BEGIN Material for this exercise

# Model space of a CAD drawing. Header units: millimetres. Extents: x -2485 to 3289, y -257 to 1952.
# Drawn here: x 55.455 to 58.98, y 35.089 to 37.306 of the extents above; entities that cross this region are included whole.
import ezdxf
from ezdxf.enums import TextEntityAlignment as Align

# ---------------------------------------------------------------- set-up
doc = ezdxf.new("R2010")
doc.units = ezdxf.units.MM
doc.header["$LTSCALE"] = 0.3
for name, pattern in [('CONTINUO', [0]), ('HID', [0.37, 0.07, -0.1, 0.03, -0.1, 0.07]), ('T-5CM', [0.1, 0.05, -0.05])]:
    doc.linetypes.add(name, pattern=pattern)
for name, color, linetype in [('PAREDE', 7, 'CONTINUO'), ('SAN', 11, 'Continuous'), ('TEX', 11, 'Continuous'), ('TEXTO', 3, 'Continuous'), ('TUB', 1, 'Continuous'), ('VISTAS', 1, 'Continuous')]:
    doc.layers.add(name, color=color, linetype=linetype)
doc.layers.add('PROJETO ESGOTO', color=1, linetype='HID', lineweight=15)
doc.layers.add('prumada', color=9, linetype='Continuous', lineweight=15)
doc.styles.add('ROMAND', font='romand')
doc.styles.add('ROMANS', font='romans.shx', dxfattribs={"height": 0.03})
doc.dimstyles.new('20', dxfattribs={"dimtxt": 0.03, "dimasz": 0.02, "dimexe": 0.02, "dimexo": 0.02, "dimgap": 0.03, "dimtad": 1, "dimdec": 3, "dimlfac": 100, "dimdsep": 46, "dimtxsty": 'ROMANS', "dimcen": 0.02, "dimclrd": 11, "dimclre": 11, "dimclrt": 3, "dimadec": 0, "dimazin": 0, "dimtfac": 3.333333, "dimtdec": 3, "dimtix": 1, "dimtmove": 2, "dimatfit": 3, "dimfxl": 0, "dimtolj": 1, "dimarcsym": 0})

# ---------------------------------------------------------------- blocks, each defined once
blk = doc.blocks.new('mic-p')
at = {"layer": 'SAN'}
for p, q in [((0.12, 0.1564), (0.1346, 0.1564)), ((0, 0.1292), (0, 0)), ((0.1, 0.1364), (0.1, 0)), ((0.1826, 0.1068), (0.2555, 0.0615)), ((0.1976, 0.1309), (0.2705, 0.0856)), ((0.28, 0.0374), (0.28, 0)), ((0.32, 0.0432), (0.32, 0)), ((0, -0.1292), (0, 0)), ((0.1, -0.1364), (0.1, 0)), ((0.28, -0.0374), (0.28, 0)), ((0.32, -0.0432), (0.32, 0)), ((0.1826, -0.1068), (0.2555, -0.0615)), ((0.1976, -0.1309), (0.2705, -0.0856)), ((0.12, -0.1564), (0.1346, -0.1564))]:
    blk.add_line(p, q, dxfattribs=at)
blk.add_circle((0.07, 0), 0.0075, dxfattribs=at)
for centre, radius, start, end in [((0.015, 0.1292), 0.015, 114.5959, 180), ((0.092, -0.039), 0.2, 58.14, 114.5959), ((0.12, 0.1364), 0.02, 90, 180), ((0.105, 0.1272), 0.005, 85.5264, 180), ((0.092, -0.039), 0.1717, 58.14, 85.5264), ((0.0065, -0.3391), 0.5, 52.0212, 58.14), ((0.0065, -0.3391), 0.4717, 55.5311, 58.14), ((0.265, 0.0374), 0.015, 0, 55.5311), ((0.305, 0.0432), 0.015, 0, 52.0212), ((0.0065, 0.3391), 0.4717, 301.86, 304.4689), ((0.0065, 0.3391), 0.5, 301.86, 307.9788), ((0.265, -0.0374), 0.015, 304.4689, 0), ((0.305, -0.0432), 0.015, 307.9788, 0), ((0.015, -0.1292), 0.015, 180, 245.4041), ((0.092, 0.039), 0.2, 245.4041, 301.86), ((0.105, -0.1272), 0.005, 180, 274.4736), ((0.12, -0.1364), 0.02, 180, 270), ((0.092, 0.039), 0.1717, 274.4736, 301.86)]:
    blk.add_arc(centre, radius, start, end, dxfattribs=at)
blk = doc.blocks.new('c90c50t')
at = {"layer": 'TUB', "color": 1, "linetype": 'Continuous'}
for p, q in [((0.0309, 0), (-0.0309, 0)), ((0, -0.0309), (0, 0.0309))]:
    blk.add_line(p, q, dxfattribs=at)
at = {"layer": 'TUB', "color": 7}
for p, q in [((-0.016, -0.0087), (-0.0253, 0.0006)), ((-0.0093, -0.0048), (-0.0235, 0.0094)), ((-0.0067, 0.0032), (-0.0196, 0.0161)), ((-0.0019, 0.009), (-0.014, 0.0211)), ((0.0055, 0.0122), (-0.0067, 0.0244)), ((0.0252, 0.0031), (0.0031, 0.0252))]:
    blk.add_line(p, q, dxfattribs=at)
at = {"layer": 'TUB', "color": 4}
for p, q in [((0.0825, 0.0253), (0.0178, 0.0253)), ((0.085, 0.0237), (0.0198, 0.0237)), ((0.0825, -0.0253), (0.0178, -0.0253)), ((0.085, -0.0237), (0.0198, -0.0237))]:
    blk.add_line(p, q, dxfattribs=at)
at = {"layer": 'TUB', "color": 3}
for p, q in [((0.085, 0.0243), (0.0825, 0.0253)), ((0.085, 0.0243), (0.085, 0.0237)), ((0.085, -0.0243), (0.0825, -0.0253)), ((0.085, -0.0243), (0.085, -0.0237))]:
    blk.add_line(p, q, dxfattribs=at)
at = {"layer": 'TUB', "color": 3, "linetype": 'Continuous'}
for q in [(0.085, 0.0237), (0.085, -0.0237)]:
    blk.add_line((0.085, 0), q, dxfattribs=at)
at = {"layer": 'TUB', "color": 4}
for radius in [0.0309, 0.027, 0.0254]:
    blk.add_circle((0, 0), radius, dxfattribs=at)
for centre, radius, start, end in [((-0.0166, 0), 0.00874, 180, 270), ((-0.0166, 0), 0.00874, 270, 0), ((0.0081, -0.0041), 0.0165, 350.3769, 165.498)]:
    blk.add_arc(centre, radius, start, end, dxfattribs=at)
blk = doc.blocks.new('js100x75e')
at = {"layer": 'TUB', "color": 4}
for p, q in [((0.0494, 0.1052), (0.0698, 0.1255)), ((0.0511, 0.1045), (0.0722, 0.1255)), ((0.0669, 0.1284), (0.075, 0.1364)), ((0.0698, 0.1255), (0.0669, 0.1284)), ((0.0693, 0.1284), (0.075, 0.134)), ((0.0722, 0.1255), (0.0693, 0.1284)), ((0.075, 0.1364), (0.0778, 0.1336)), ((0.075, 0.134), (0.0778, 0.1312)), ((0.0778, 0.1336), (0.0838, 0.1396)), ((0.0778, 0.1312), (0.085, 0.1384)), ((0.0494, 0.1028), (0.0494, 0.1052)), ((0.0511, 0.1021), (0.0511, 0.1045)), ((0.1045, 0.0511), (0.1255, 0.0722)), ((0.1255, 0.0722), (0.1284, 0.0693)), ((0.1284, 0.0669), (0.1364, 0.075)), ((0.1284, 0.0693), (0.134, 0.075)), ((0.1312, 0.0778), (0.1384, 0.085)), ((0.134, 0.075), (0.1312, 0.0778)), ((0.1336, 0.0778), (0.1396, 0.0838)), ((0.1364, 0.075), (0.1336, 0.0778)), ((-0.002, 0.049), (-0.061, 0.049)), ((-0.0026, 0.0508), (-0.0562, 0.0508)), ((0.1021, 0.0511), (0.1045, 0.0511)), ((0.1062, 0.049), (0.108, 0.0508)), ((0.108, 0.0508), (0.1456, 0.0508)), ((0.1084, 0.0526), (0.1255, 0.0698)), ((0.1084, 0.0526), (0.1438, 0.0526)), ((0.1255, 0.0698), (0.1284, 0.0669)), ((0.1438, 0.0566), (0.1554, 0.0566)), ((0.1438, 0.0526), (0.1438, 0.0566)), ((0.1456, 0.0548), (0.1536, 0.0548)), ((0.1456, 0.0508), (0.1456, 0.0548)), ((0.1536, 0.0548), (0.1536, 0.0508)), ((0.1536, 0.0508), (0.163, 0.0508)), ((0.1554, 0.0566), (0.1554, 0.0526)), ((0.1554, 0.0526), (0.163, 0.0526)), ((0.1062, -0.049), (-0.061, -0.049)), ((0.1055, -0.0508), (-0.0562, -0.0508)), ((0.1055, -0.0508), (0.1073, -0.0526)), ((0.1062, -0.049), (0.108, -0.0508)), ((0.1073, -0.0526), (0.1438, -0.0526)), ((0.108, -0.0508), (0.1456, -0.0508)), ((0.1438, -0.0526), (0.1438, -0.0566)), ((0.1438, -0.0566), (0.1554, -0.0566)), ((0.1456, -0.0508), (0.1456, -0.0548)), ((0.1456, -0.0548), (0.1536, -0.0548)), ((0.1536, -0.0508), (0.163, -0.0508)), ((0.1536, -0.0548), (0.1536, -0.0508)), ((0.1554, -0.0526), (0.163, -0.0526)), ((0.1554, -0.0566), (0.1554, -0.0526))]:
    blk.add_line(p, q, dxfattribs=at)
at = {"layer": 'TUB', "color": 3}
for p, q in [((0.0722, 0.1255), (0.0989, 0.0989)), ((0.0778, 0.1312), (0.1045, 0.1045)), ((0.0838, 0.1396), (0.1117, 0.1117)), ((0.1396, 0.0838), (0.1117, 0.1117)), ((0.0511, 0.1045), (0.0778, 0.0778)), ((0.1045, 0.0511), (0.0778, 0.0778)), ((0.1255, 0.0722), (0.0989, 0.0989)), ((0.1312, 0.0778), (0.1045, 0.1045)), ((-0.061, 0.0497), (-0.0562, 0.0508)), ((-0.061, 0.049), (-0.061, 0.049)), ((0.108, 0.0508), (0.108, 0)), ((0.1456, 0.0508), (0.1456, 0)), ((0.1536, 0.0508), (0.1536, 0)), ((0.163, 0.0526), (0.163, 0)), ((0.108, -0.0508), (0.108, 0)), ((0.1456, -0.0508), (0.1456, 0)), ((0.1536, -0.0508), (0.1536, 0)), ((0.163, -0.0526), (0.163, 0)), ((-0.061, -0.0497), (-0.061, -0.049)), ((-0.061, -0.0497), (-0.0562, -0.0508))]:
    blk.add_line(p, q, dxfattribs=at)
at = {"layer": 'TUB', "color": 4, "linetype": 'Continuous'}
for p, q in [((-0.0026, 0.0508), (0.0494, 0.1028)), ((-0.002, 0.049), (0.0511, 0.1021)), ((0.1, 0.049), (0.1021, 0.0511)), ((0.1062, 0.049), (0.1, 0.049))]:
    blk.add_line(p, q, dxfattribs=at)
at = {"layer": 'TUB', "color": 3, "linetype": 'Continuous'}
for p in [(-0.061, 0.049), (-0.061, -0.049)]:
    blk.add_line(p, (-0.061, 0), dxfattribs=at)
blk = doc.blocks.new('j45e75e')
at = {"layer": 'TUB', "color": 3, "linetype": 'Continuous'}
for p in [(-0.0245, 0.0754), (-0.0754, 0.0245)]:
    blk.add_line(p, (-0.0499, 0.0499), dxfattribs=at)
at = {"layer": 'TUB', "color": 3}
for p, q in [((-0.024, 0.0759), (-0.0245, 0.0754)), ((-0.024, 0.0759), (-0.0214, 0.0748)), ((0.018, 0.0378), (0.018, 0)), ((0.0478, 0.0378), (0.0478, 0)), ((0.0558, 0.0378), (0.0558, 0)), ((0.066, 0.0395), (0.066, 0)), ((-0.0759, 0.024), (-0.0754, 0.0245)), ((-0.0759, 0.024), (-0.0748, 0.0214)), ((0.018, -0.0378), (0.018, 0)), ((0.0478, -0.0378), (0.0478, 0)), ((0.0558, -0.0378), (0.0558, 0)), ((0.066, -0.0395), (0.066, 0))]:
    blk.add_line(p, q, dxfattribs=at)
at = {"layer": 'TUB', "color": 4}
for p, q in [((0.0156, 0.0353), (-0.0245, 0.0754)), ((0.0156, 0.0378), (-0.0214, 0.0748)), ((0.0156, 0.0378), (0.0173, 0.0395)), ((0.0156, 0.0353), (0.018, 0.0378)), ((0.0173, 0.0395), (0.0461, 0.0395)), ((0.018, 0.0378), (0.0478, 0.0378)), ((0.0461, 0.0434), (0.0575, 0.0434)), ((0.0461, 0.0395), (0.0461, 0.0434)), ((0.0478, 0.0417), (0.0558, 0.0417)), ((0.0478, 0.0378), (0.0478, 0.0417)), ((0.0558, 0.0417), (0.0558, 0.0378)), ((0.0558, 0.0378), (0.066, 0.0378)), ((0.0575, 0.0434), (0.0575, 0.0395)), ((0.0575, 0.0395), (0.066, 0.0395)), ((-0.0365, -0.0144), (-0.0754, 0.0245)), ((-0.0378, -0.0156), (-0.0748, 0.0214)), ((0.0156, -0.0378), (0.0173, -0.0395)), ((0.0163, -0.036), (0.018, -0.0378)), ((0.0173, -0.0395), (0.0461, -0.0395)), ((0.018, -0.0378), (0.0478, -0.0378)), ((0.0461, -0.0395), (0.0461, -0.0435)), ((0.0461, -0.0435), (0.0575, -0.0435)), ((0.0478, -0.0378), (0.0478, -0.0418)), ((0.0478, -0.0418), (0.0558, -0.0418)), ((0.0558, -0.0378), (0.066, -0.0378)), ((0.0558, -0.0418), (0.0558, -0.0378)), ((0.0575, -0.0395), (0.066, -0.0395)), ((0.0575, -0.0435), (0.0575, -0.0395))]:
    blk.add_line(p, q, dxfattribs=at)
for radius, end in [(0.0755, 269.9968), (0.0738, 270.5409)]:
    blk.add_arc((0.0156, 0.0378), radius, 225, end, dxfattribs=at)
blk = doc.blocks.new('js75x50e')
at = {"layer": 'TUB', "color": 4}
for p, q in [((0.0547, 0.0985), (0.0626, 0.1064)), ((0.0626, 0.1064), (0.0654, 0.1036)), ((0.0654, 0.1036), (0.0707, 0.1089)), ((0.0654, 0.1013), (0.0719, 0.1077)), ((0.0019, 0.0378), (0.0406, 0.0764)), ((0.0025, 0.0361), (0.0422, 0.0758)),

END Material for this exercise

> [What the exercise asks]:
The answer is the lines above between the line holding "import ezdxf" and the line holding "doc.linetypes.add(name, pattern=pattern)", inclusive, each written out exactly, and no others.

> [Output for this task]:
import ezdxf
from ezdxf.enums import TextEntityAlignment as Align

# ---------------------------------------------------------------- set-up
doc = ezdxf.new("R2010")
doc.units = ezdxf.units.MM
doc.header["$LTSCALE"] = 0.3
for name, pattern in [('CONTINUO', [0]), ('HID', [0.37, 0.07, -0.1, 0.03, -0.1, 0.07]), ('T-5CM', [0.1, 0.05, -0.05])]:
    doc.linetypes.add(name, pattern=pattern)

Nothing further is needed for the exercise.